▸ **Action item**
An exact transcription of the entries is required, with no images included.

Records from a collection

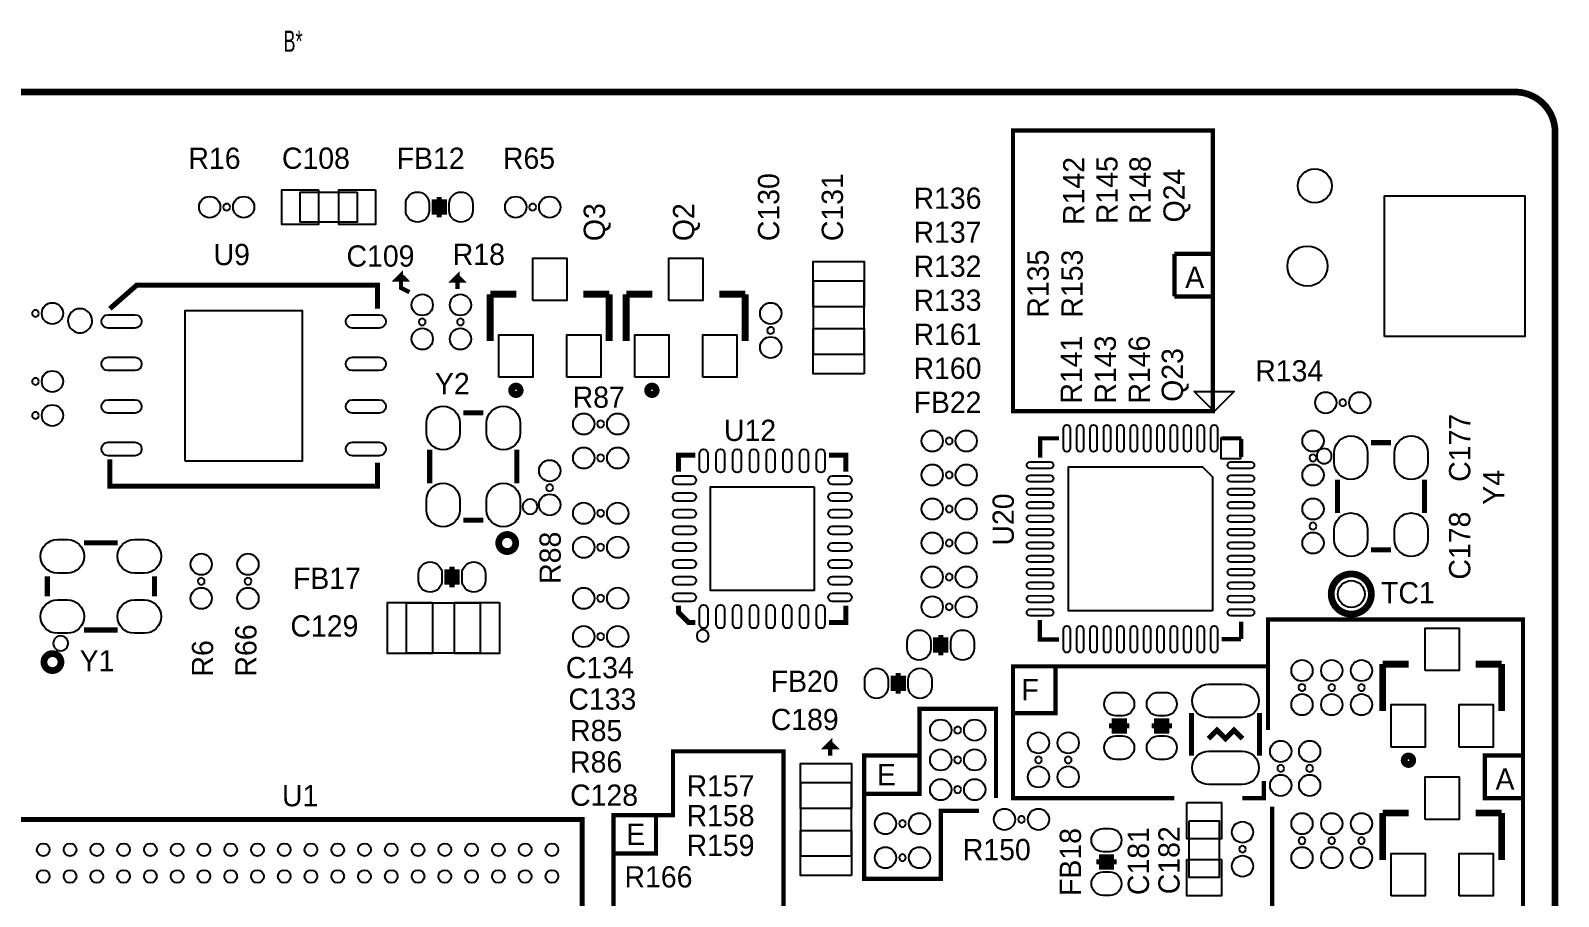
# Model space of a CAD drawing. Extents: x -0.1 to 75.1, y -0.1 to 56.8.
# Drawn here: x 29.44 to 75.1, y 30.97 to 56.83 of the extents above; entities that cross this region are included whole.
import ezdxf

# ---------------------------------------------------------------- set-up
doc = ezdxf.new("R2010")
doc.units = 0
for name, color, linetype in [('BG_OUTLINE', 7, 'CONTINUOUS'), ('BG_SILKSCREEN_TOP', 254, 'CONTINUOUS'), ('PG_SILKSCREEN_TOP', 7, 'CONTINUOUS'), ('PIN_TOP', 12, 'CONTINUOUS'), ('RD_SILKSCREEN_TOP', 253, 'CONTINUOUS')]:
    doc.layers.add(name, color=color, linetype=linetype)

msp = doc.modelspace()

# ---------------------------------------------------------------- linework, layer by layer
at = {"layer": 'BG_OUTLINE', "const_width": 0.2}
msp.add_lwpolyline([(1.199998, 0), (73.800005, 0, 0.414212), (75.000002, 1.199998), (75.000002, 53.799994, 0.414213), (73.800005, 54.999992), (1.199998, 54.999992, 0.414214), (0, 53.799994), (0, 1.199998, 0.414212), (1.199998, 0)], format="xyb", dxfattribs=at)
at = {"layer": 'BG_SILKSCREEN_TOP', "const_width": 0.127}
for points in [[(58.801, 53.594), (58.801, 45.466), (64.77, 45.466), (64.77, 53.848), (58.801, 53.848), (58.801, 53.594)], [(64.77, 50.165), (63.627, 50.165)], [(63.627, 50.165), (63.627, 48.895)], [(40.767, 49.022), (40.513, 49.149), (40.513, 49.53), (40.386, 49.403), (40.64, 49.403), (40.552878, 49.496497)], [(42.203878, 49.115497), (42.203878, 49.496497), (42.076878, 49.369497), (42.330878, 49.369497), (42.203878, 49.496497)], [(63.627, 48.895), (64.77, 48.895)], [(66.548, 33.655), (66.548, 30.607), (74.041, 30.607), (74.041, 39.243), (66.421, 39.243), (66.421, 37.592)], [(60.071, 37.846), (60.071, 36.449), (58.801, 36.449)], [(63.627, 33.909), (58.801, 33.909), (58.801, 37.846), (66.421, 37.846), (66.421, 35.941)], [(58.293, 33.909), (58.293, 36.576), (56.007, 36.576), (56.007, 34.036), (54.356, 34.036), (54.356, 35.179), (56.007, 35.179)], [(53.34, 35.179), (53.34, 35.56), (53.213, 35.433), (53.467, 35.433), (53.34, 35.56)], [(48.641, 34.671), (48.641, 33.401), (46.863, 33.401), (46.863, 29.972), (51.943, 29.972), (51.943, 35.306), (48.641, 35.306), (48.641, 34.671)], [(74.041, 35.179), (72.898, 35.179), (72.898, 33.909), (74.041, 33.909)], [(54.356, 34.798), (54.356, 31.496), (56.642, 31.496), (56.642, 33.528), (57.785, 33.528)], [(65.659, 33.909), (66.294, 33.909), (66.294, 34.417)], [(48.133, 33.401), (48.133, 32.258), (46.863, 32.258)]]:
    msp.add_lwpolyline(points, dxfattribs=at)
at = {"layer": 'PG_SILKSCREEN_TOP'}
for points in [[(1.199998, 0), (73.800005, 0, 0.414213), (75.000002, 1.199998), (75.000002, 53.799994, 0.414211), (73.800005, 54.999992), (1.199998, 54.999992, 0.414213), (0, 53.799994), (0, 1.199998, 0.414215), (1.199998, 0)], [(35.4076, 51.562, 1), (35.2044, 51.562, 1), (35.4076, 51.562)], [(44.5516, 51.562, 1), (44.3484, 51.562, 1), (44.5516, 51.562)], [(29.6926, 48.387, 1), (29.4894, 48.387, 1), (29.6926, 48.387)], [(41.2496, 48.133, 1), (41.0464, 48.133, 1), (41.2496, 48.133)], [(42.3926, 48.133, 1), (42.1894, 48.133, 1), (42.3926, 48.133)], [(51.6636, 47.879, 1), (51.4604, 47.879, 1), (51.6636, 47.879)], [(29.6926, 46.355, 1), (29.4894, 46.355, 1), (29.6926, 46.355)], [(68.7578, 45.72, 1), (68.5546, 45.72, 1), (68.7578, 45.72)], [(29.6926, 45.339, 1), (29.4894, 45.339, 1), (29.6926, 45.339)], [(46.5836, 45.085, 1), (46.3804, 45.085, 1), (46.5836, 45.085)], [(56.9976, 44.577, 1), (56.7944, 44.577, 1), (56.9976, 44.577)], [(46.5836, 44.069, 1), (46.3804, 44.069, 1), (46.5836, 44.069)], [(67.8688, 44.069, 1), (67.6656, 44.069, 1), (67.8688, 44.069)], [(56.9976, 43.561, 1), (56.7944, 43.561, 1), (56.9976, 43.561)], [(45.0596, 43.18, 1), (44.8564, 43.18, 1), (45.0596, 43.18)], [(46.5836, 42.418, 1), (46.3804, 42.418, 1), (46.5836, 42.418)], [(56.9976, 42.545, 1), (56.7944, 42.545, 1), (56.9976, 42.545)], [(67.8688, 42.037, 1), (67.6656, 42.037, 1), (67.8688, 42.037)], [(56.9976, 41.529, 1), (56.7944, 41.529, 1), (56.9976, 41.529)], [(46.5836, 41.402, 1), (46.3804, 41.402, 1), (46.5836, 41.402)], [(34.6456, 40.386, 1), (34.4424, 40.386, 1), (34.6456, 40.386)], [(36.0426, 40.386, 1), (35.8394, 40.386, 1), (36.0426, 40.386)], [(56.9976, 40.513, 1), (56.7944, 40.513, 1), (56.9976, 40.513)], [(46.5836, 39.878, 1), (46.3804, 39.878, 1), (46.5836, 39.878)], [(56.9976, 39.624, 1), (56.7944, 39.624, 1), (56.9976, 39.624)], [(46.5836, 38.735, 1), (46.3804, 38.735, 1), (46.5836, 38.735)], [(67.5386, 37.211, 1), (67.3354, 37.211, 1), (67.5386, 37.211)], [(68.4276, 37.211, 1), (68.2244, 37.211, 1), (68.4276, 37.211)], [(69.3166, 37.211, 1), (69.1134, 37.211, 1), (69.3166, 37.211)], [(57.2516, 35.941, 1), (57.0484, 35.941, 1), (57.2516, 35.941)], [(57.2516, 35.052, 1), (57.0484, 35.052, 1), (57.2516, 35.052)], [(59.6646, 35.052, 1), (59.4614, 35.052, 1), (59.6646, 35.052)], [(60.5536, 35.052, 1), (60.3504, 35.052, 1), (60.5536, 35.052)], [(66.9036, 34.798, 1), (66.7004, 34.798, 1), (66.9036, 34.798)], [(67.7672, 34.798, 1), (67.564, 34.798, 1), (67.7672, 34.798)], [(57.2516, 34.163, 1), (57.0484, 34.163, 1), (57.2516, 34.163)], [(59.1566, 33.274, 1), (58.9534, 33.274, 1), (59.1566, 33.274)], [(55.6006, 33.147, 1), (55.3974, 33.147, 1), (55.6006, 33.147)], [(65.7606, 32.385, 1), (65.5574, 32.385, 1), (65.7606, 32.385)], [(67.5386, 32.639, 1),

▸ **Written answer**
# Model space of a CAD drawing. Extents: x -0.1 to 75.1, y -0.1 to 56.8.
# Drawn here: x 29.44 to 75.1, y 30.97 to 56.83 of the extents above; entities that cross this region are included whole.
import ezdxf

# ---------------------------------------------------------------- set-up
doc = ezdxf.new("R2010")
doc.units = 0
for name, color, linetype in [('BG_OUTLINE', 7, 'CONTINUOUS'), ('BG_SILKSCREEN_TOP', 254, 'CONTINUOUS'), ('PG_SILKSCREEN_TOP', 7, 'CONTINUOUS'), ('PIN_TOP', 12, 'CONTINUOUS'), ('RD_SILKSCREEN_TOP', 253, 'CONTINUOUS')]:
    doc.layers.add(name, color=color, linetype=linetype)

msp = doc.modelspace()

# ---------------------------------------------------------------- linework, layer by layer
at = {"layer": 'BG_OUTLINE', "const_width": 0.2}
msp.add_lwpolyline([(1.199998, 0), (73.800005, 0, 0.414212), (75.000002, 1.199998), (75.000002, 53.799994, 0.414213), (73.800005, 54.999992), (1.199998, 54.999992, 0.414214), (0, 53.799994), (0, 1.199998, 0.414212), (1.199998, 0)], format="xyb", dxfattribs=at)
at = {"layer": 'BG_SILKSCREEN_TOP', "const_width": 0.127}
for points in [[(58.801, 53.594), (58.801, 45.466), (64.77, 45.466), (64.77, 53.848), (58.801, 53.848), (58.801, 53.594)], [(64.77, 50.165), (63.627, 50.165)], [(63.627, 50.165), (63.627, 48.895)], [(40.767, 49.022), (40.513, 49.149), (40.513, 49.53), (40.386, 49.403), (40.64, 49.403), (40.552878, 49.496497)], [(42.203878, 49.115497), (42.203878, 49.496497), (42.076878, 49.369497), (42.330878, 49.369497), (42.203878, 49.496497)], [(63.627, 48.895), (64.77, 48.895)], [(66.548, 33.655), (66.548, 30.607), (74.041, 30.607), (74.041, 39.243), (66.421, 39.243), (66.421, 37.592)], [(60.071, 37.846), (60.071, 36.449), (58.801, 36.449)], [(63.627, 33.909), (58.801, 33.909), (58.801, 37.846), (66.421, 37.846), (66.421, 35.941)], [(58.293, 33.909), (58.293, 36.576), (56.007, 36.576), (56.007, 34.036), (54.356, 34.036), (54.356, 35.179), (56.007, 35.179)], [(53.34, 35.179), (53.34, 35.56), (53.213, 35.433), (53.467, 35.433), (53.34, 35.56)], [(48.641, 34.671), (48.641, 33.401), (46.863, 33.401), (46.863, 29.972), (51.943, 29.972), (51.943, 35.306), (48.641, 35.306), (48.641, 34.671)], [(74.041, 35.179), (72.898, 35.179), (72.898, 33.909), (74.041, 33.909)], [(54.356, 34.798), (54.356, 31.496), (56.642, 31.496), (56.642, 33.528), (57.785, 33.528)], [(65.659, 33.909), (66.294, 33.909), (66.294, 34.417)], [(48.133, 33.401), (48.133, 32.258), (46.863, 32.258)]]:
    msp.add_lwpolyline(points, dxfattribs=at)
at = {"layer": 'PG_SILKSCREEN_TOP'}
for points in [[(1.199998, 0), (73.800005, 0, 0.414213), (75.000002, 1.199998), (75.000002, 53.799994, 0.414211), (73.800005, 54.999992), (1.199998, 54.999992, 0.414213), (0, 53.799994), (0, 1.199998, 0.414215), (1.199998, 0)], [(35.4076, 51.562, 1), (35.2044, 51.562, 1), (35.4076, 51.562)], [(44.5516, 51.562, 1), (44.3484, 51.562, 1), (44.5516, 51.562)], [(29.6926, 48.387, 1), (29.4894, 48.387, 1), (29.6926, 48.387)], [(41.2496, 48.133, 1), (41.0464, 48.133, 1), (41.2496, 48.133)], [(42.3926, 48.133, 1), (42.1894, 48.133, 1), (42.3926, 48.133)], [(51.6636, 47.879, 1), (51.4604, 47.879, 1), (51.6636, 47.879)], [(29.6926, 46.355, 1), (29.4894, 46.355, 1), (29.6926, 46.355)], [(68.7578, 45.72, 1), (68.5546, 45.72, 1), (68.7578, 45.72)], [(29.6926, 45.339, 1), (29.4894, 45.339, 1), (29.6926, 45.339)], [(46.5836, 45.085, 1), (46.3804, 45.085, 1), (46.5836, 45.085)], [(56.9976, 44.577, 1), (56.7944, 44.577, 1), (56.9976, 44.577)], [(46.5836, 44.069, 1), (46.3804, 44.069, 1), (46.5836, 44.069)], [(67.8688, 44.069, 1), (67.6656, 44.069, 1), (67.8688, 44.069)], [(56.9976, 43.561, 1), (56.7944, 43.561, 1), (56.9976, 43.561)], [(45.0596, 43.18, 1), (44.8564, 43.18, 1), (45.0596, 43.18)], [(46.5836, 42.418, 1), (46.3804, 42.418, 1), (46.5836, 42.418)], [(56.9976, 42.545, 1), (56.7944, 42.545, 1), (56.9976, 42.545)], [(67.8688, 42.037, 1), (67.6656, 42.037, 1), (67.8688, 42.037)], [(56.9976, 41.529, 1), (56.7944, 41.529, 1), (56.9976, 41.529)], [(46.5836, 41.402, 1), (46.3804, 41.402, 1), (46.5836, 41.402)], [(34.6456, 40.386, 1), (34.4424, 40.386, 1), (34.6456, 40.386)], [(36.0426, 40.386, 1), (35.8394, 40.386, 1), (36.0426, 40.386)], [(56.9976, 40.513, 1), (56.7944, 40.513, 1), (56.9976, 40.513)], [(46.5836, 39.878, 1), (46.3804, 39.878, 1), (46.5836, 39.878)], [(56.9976, 39.624, 1), (56.7944, 39.624, 1), (56.9976, 39.624)], [(46.5836, 38.735, 1), (46.3804, 38.735, 1), (46.5836, 38.735)], [(67.5386, 37.211, 1), (67.3354, 37.211, 1), (67.5386, 37.211)], [(68.4276, 37.211, 1), (68.2244, 37.211, 1), (68.4276, 37.211)], [(69.3166, 37.211, 1), (69.1134, 37.211, 1), (69.3166, 37.211)], [(57.2516, 35.941, 1), (57.0484, 35.941, 1), (57.2516, 35.941)], [(57.2516, 35.052, 1), (57.0484, 35.052, 1), (57.2516, 35.052)], [(59.6646, 35.052, 1), (59.4614, 35.052, 1), (59.6646, 35.052)], [(60.5536, 35.052, 1), (60.3504, 35.052, 1), (60.5536, 35.052)], [(66.9036, 34.798, 1), (66.7004, 34.798, 1), (66.9036, 34.798)], [(67.7672, 34.798, 1), (67.564, 34.798, 1), (67.7672, 34.798)], [(57.2516, 34.163, 1), (57.0484, 34.163, 1), (57.2516, 34.163)], [(59.1566, 33.274, 1), (58.9534, 33.274, 1), (59.1566, 33.274)], [(55.6006, 33.147, 1), (55.3974, 33.147, 1), (55.6006, 33.147)], [(65.7606, 32.385, 1), (65.5574, 32.385, 1), (65.7606, 32.385)], [(67.5386, 32.639, 1),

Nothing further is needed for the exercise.